WHAT THIS TASK INVOLVES: Go through the material below line by line and count those containing "diagram". Write the count and nothing more.

INPUT DATA:
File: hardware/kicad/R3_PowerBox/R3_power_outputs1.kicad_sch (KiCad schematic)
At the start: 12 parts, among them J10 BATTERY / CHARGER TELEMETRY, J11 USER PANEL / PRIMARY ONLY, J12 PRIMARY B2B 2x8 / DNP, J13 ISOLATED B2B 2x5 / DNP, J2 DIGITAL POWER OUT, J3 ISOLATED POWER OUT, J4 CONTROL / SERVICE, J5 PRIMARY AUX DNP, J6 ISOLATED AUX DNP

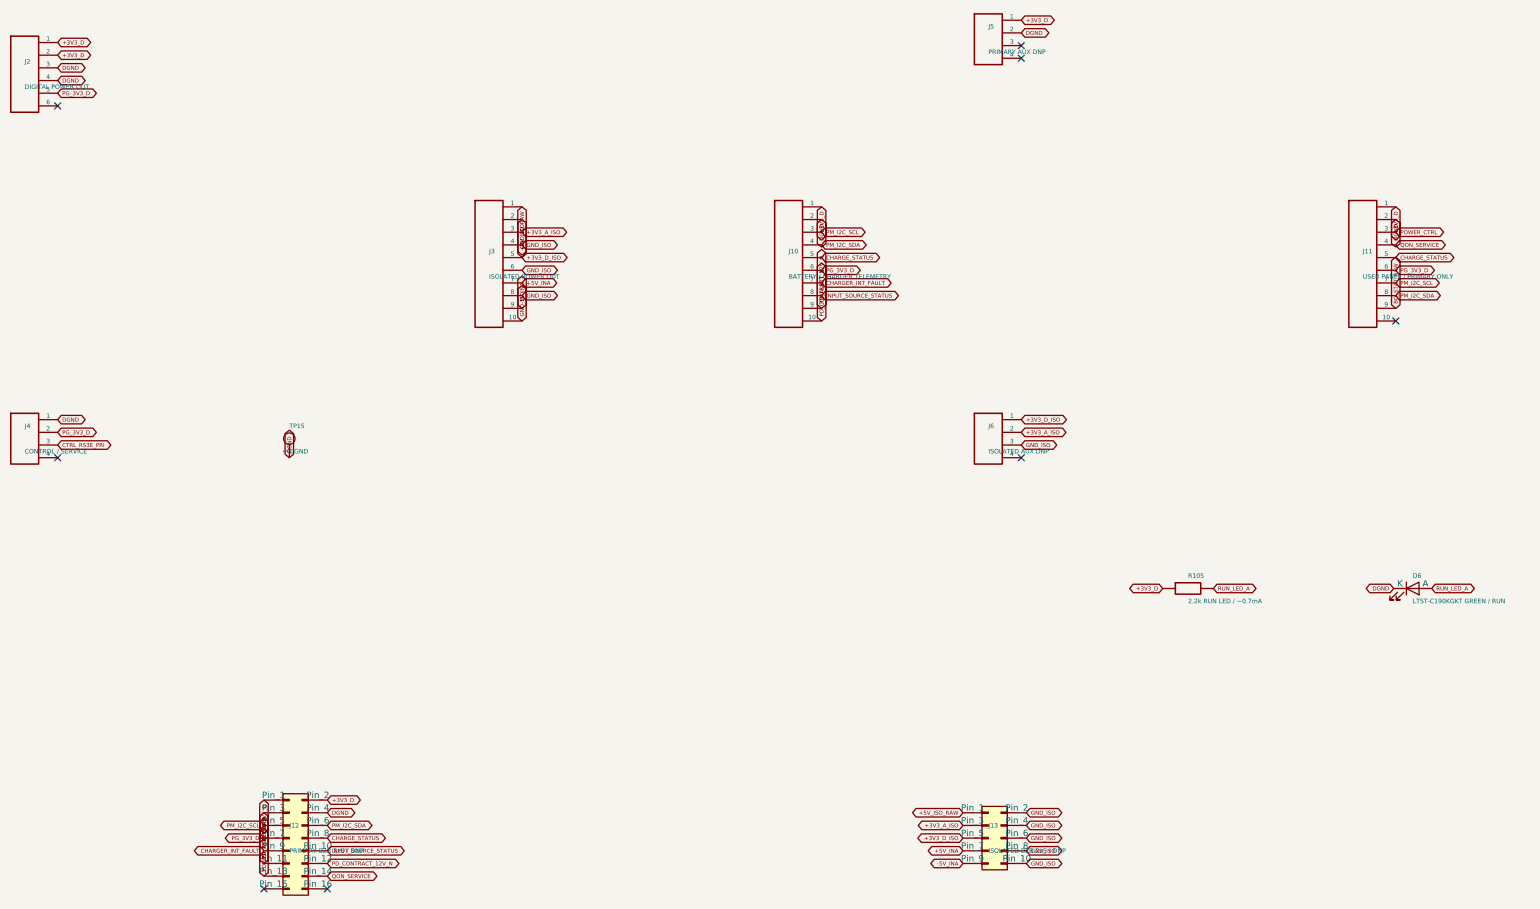
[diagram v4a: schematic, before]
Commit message: Finish R3 PowerBox routing checkpoint F and verification
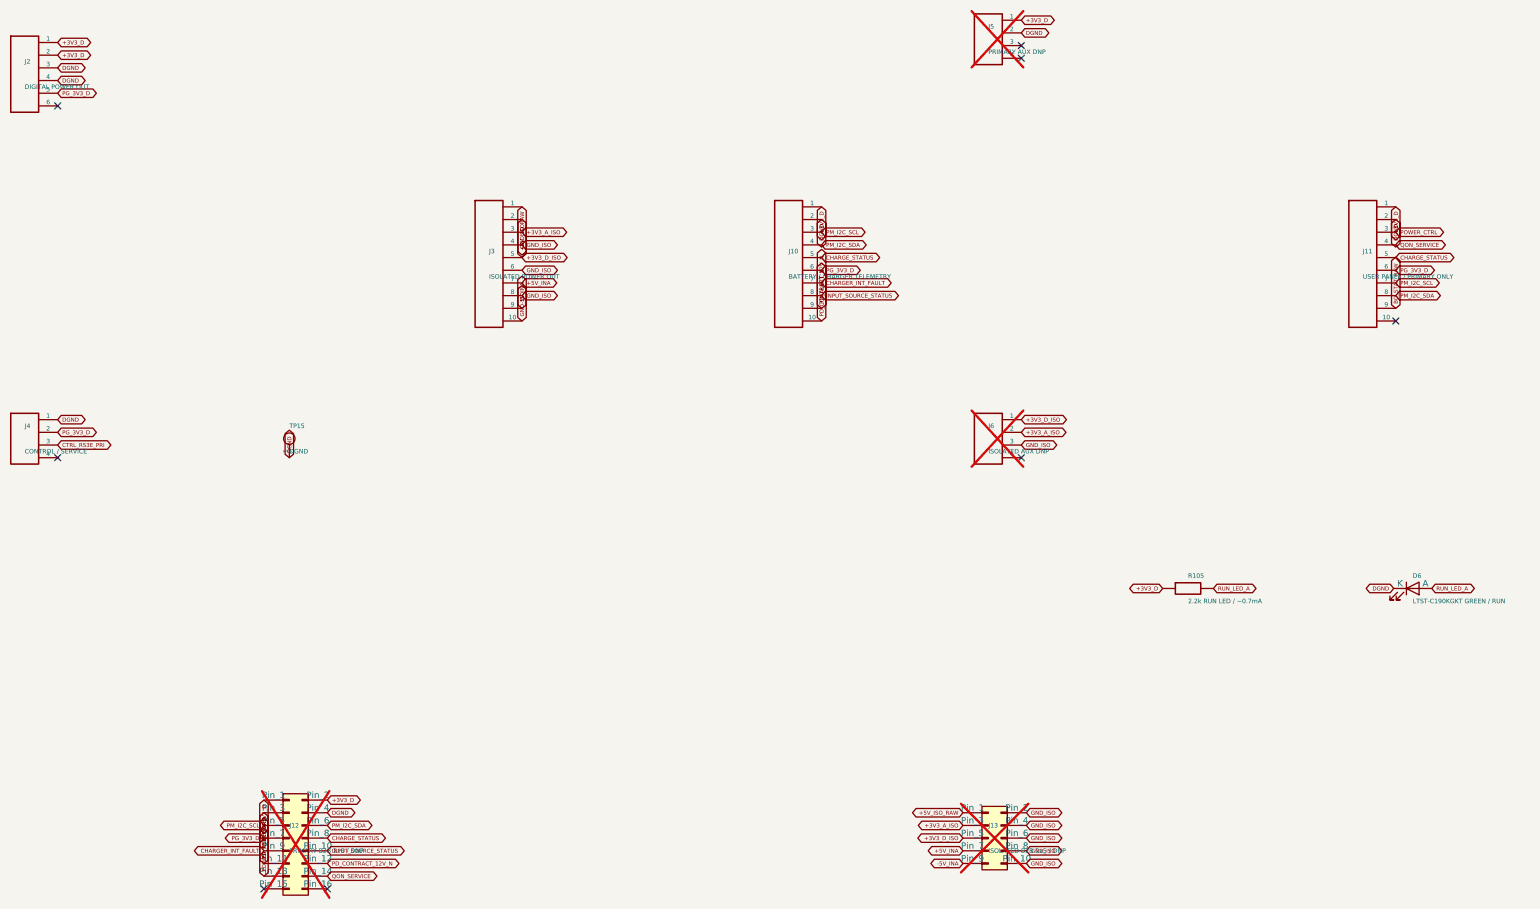
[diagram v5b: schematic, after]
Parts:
- J12, J13, J5, J6: now not fitted
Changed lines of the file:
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@@
     (instances
       (project "SKiDL-Generated"
-        (path "/9be6bff1-dc85-4a48-94a9-d7223c5e518f/8a113b12-9d71-5245-be88-2275cf0b9c69"
+        (path "/c950aac3-a7f8-40a1-8854-63ca2e6194cc/8a113b12-9d71-5245-be88-2275cf0b9c69"
           (reference "J2")
           (unit 1)))))
@@
     (instances
       (project "SKiDL-Generated"
-        (path "/9be6bff1-dc85-4a48-94a9-d7223c5e518f/8a113b12-9d71-5245-be88-2275cf0b9c69"
+        (path "/c950aac3-a7f8-40a1-8854-63ca2e6194cc/8a113b12-9d71-5245-be88-2275cf0b9c69"
           (reference "J3")
           (unit 1)))))
@@
     (instances
       (project "SKiDL-Generated"
-        (path "/9be6bff1-dc85-4a48-94a9-d7223c5e518f/8a113b12-9d71-5245-be88-2275cf0b9c69"
+        (path "/c950aac3-a7f8-40a1-8854-63ca2e6194cc/8a113b12-9d71-5245-be88-2275cf0b9c69"
           (reference "J4")
           (unit 1)))))
@@
     (in_bom yes)
     (on_board yes)
-    (dnp no)
+    (dnp yes)
     (fields_autoplaced yes)
     (property "Reference" "J5"
@@
     (instances
       (project "SKiDL-Generated"
-        (path "/9be6bff1-dc85-4a48-94a9-d7223c5e518f/8a113b12-9d71-5245-be88-2275cf0b9c69"
+        (path "/c950aac3-a7f8-40a1-8854-63ca2e6194cc/8a113b12-9d71-5245-be88-2275cf0b9c69"
           (reference "J5")
           (unit 1)))))
@@
     (in_bom yes)
     (on_board yes)
-    (dnp no)
+    (dnp yes)
     (fields_autoplaced yes)
     (property "Reference" "J6"
@@
     (instances
       (project "SKiDL-Generated"
-        (path "/9be6bff1-dc85-4a48-94a9-d7223c5e518f/8a113b12-9d71-5245-be88-2275cf0b9c69"
+        (path "/c950aac3-a7f8-40a1-8854-63ca2e6194cc/8a113b12-9d71-5245-be88-2275cf0b9c69"
           (reference "J6")
           (unit 1)))))
@@
     (instances
       (project "SKiDL-Generated"
-        (path "/9be6bff1-dc85-4a48-94a9-d7223c5e518f/8a113b12-9d71-5245-be88-2275cf0b9c69"
+        (path "/c950aac3-a7f8-40a1-8854-63ca2e6194cc/8a113b12-9d71-5245-be88-2275cf0b9c69"
           (reference "J10")
           (unit 1)))))
@@
     (instances
       (project "SKiDL-Generated"
-        (path "/9be6bff1-dc85-4a48-94a9-d7223c5e518f/8a113b12-9d71-5245-be88-2275cf0b9c69"
+        (path "/c950aac3-a7f8-40a1-8854-63ca2e6194cc/8a113b12-9d71-5245-be88-2275cf0b9c69"
           (reference "J11")
           (unit 1)))))
@@
     (in_bom yes)
     (on_board yes)
-    (dnp no)
+    (dnp yes)
     (fields_autoplaced yes)
     (property "Reference" "J12"
@@
     (instances
       (project "SKiDL-Generated"
-        (path "/9be6bff1-dc85-4a48-94a9-d7223c5e518f/8a113b12-9d71-5245-be88-2275cf0b9c69"
+        (path "/c950aac3-a7f8-40a1-8854-63ca2e6194cc/8a113b12-9d71-5245-be88-2275cf0b9c69"
           (reference "J12")
           (unit 1)))))
@@
     (in_bom yes)
     (on_board yes)
-    (dnp no)
+    (dnp yes)
     (fields_autoplaced yes)
     (property "Reference" "J13"
@@
     (instances
       (project "SKiDL-Generated"
-        (path "/9be6bff1-dc85-4a48-94a9-d7223c5e518f/8a113b12-9d71-5245-be88-2275cf0b9c69"
+        (path "/c950aac3-a7f8-40a1-8854-63ca2e6194cc/8a113b12-9d71-5245-be88-2275cf0b9c69"
           (reference "J13")
           (unit 1)))))
@@
     (instances
       (project "SKiDL-Generated"
-        (path "/9be6bff1-dc85-4a48-94a9-d7223c5e518f/8a113b12-9d71-5245-be88-2275cf0b9c69"
+        (path "/c950aac3-a7f8-40a1-8854-63ca2e6194cc/8a113b12-9d71-5245-be88-2275cf0b9c69"
           (reference "R105")
           (unit 1)))))
@@
     (instances
       (project "SKiDL-Generated"
-        (path "/9be6bff1-dc85-4a48-94a9-d7223c5e518f/8a113b12-9d71-5245-be88-2275cf0b9c69"
+        (path "/c950aac3-a7f8-40a1-8854-63ca2e6194cc/8a113b12-9d71-5245-be88-2275cf0b9c69"
           (reference "D6")
           (unit 1)))))
@@
     (instances
       (project "SKiDL-Generated"
-        (path "/9be6bff1-dc85-4a48-94a9-d7223c5e518f/8a113b12-9d71-5245-be88-2275cf0b9c69"
+        (path "/c950aac3-a7f8-40a1-8854-63ca2e6194cc/8a113b12-9d71-5245-be88-2275cf0b9c69"
           (reference "TP15")
           (unit 1)))))

REPLY TO THE TASK: 2